National Public Radio (NPR) has announced a new ethics policy, a revision of the policy last revised a decade ago. It’s described in a new article on NPR. According to author Kelly McBride (the public editor of NPR with expertise in journalistic ethics), the change was spurred by the murder of George Floyd that, in turn, caused younger journalists to begin agitating for the right to both do journalism and to express their political and ideological opinions on public media, in writing, or by going to demonstrations.

This contravened previous standards (widespread in journalism) prohibiting reporting journalists or commentators (not op-ed writers, of course), from expressing their views in public on political or ideological issues. There was a reason for that, which of course is that if you know a journalist has strong views on an issue, you might judge their reporting or commentary on that issue to be biased. Because the younger NPR reporters wanted to be able to express their views publicly, the organization tried to forge a compromise.

Click on the screenshot to read, and if you want to see the entire set of NPR ethical standards, go here.

Here is the big change that was made:

The new NPR policy reads, “NPR editorial staff may express support for democratic, civic values that are core to NPR’s work, such as, but not limited to: the freedom and dignity of human beings, the rights of a free and independent press, the right to thrive in society without facing discrimination on the basis of race, ethnicity, gender, sexual identity, disability, or religion.”

As I’ll note below, it may not be so clear exactly what constitutes the “democratic civic values that are core to NPR’s work”.

Here’s what McBride characterizes as the most important changes in the ethics policy:

The new policy, which was shared with member stations by email on July 7, offers three revised sections: a rewrite of “NPR’s Guiding Principles,” a section titled, “Guideline: On Attending Marches, Rallies And Other Public Events,” and an update of the section on social media.

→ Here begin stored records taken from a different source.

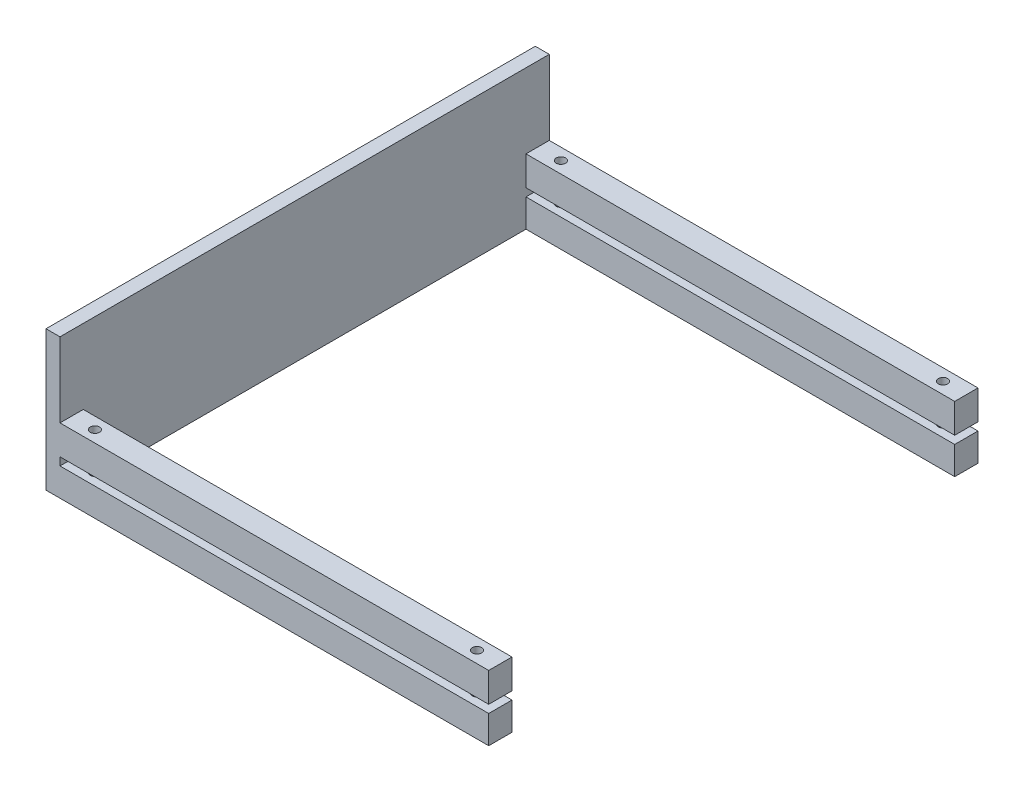
SolidWorks part; units mm, degrees
ref_plane "Front Plane" through (0, 0, 0) normal (0, 0, 1) x (1, 0, 0)
ref_plane "Top Plane" through (0, 0, 0) normal (0, 1, 0) x (1, 0, 0)
ref_plane "Right Plane" through (0, 0, 0) normal (1, 0, 0) x (0, 0, -1)
sketch "Sketch1" plane through (0, 0, 0) normal (0, 0, 1) x (1, 0, 0)
  line L0 (0, 16) -> (0, 0)
  line L1 (0, 16) -> (-3, 16)
  line L2 (-3, 16) -> (-3, -14)
  line L3 (-3, -14) -> (92, -14)
  line L4 (92, -14) -> (92, 0)
  line L5 (92, 0) -> (0, 0)
  dimension "D1" = 95
  dimension "D2" = 14
  dimension "D3" = 3
  dimension "D4" = 30
extrude "Boss-Extrude1" add sketch "Sketch1" against normal blind 105
sketch "Sketch2" plane through (0, 0, 0) normal (1, 0, 0) x (0, 0, -1)
  line L10 (0, -6.3) -> (5, -6.3)
  line L11 (0, -14) -> (0, 0) construction
  line L12 (5, -6.3) -> (5, 0)
  line L13 (105, 0) -> (0, 0) construction
  line L14 (5, 0) -> (100, 0)
  line L25 (100, 0) -> (100, -6.3)
  line L27 (100, -6.3) -> (105, -6.3)
  line L28 (105, -14) -> (105, 0) construction
  line L29 (105, -6.3) -> (105, -8)
  line L30 (105, -8) -> (100, -8)
  line L31 (100, -8) -> (100, -14)
  line L32 (105, -14) -> (0, -14) construction
  line L33 (100, -14) -> (5, -14)
  line L34 (5, -14) -> (5, -8)
  line L35 (5, -8) -> (0, -8)
  line L36 (0, -8) -> (0, -6.3)
  dimension "D1" = 1.7
  dimension "D2" = 6
  dimension "D3" = 5
  dimension "D4" = 5
extrude "Cut-Extrude1" cut sketch "Sketch2" along normal through all contours L12 L14 L25 L27 L29 L30 L31 L33 L34 L35 L36 L10
sketch "Sketch3" plane through (0, 0, 0) normal (0, 1, 0) x (1, 0, 0)
  line L0 (92, 105) -> (92, 100) construction
  line L1 (92, 5) -> (92, 0) construction
  line L2 (0, 5) -> (0, 0) construction
  circle A0 centre (87, 102.5) radius 1
  circle A1 centre (5, 102.5) radius 1
  circle A2 centre (5, 2.5) radius 1
  circle A3 centre (87, 2.5) radius 1
  point P17 (92, 102.5)
  point P21 (92, 2.5)
  dimension "D1" = 2
  dimension "D2" = 5
  dimension "D3" = 5
extrude "Cut-Extrude2" cut sketch "Sketch3" against normal through all

When comparing the new policy to the old, here are the other major developments:

    • The opening section lists core values of “honesty, integrity, independence, accuracy, contextual truth, transparency, respect and fairness” and adds a specific reference to the “democratic role as watchdogs.”
    • NPR names diversity as a key guiding principle, with a specific obligation to include voices that are routinely left out of the news.
    • The policy refines and narrows the list of staff who are expected to comport with the most restrictive elements of the policy. It’s a long list, but it boils down to whether you shape content in any way or hold an executive title. Other job titles, including those who work in research, archives and data, and those who write promotional copy for the programming division, are exempt from restrictions on their public behavior.
    • The new standards reinforce the difference between straight reporting and commentary. “NPR journalists with a role in covering the news should stick to reporting and analysis,” the policy reads.  “Commentators have more leeway to express opinions and may do so as long as they are respectful and grounded in facts.” A new addition to this section allows anyone who works in news or programming to publish a first-person story when appropriate.
    • In the sub-section of the Impartiality chapter on attending marches and rallies, NPR adds another list of universal values including human rights, a free press, anti-discrimination and anti-bigotry.

This seems pretty fair to me, especially coupled with the stipulation that journalists have to vet their wishes to express political views in advance to their bosses, and that the NPR newsroom now has a standing committee to review individual cases. And there’s still a wall between straight reportage and commentary or opinion. McBride gives examples of things that can be allowed:

Is it OK to march in a demonstration and say, ‘Black lives matter’? What about a Pride parade? In theory, the answer today is, “Yes.” But in practice, NPR journalists will have to discuss specific decisions with their bosses, who in turn will have to ask a lot of questions.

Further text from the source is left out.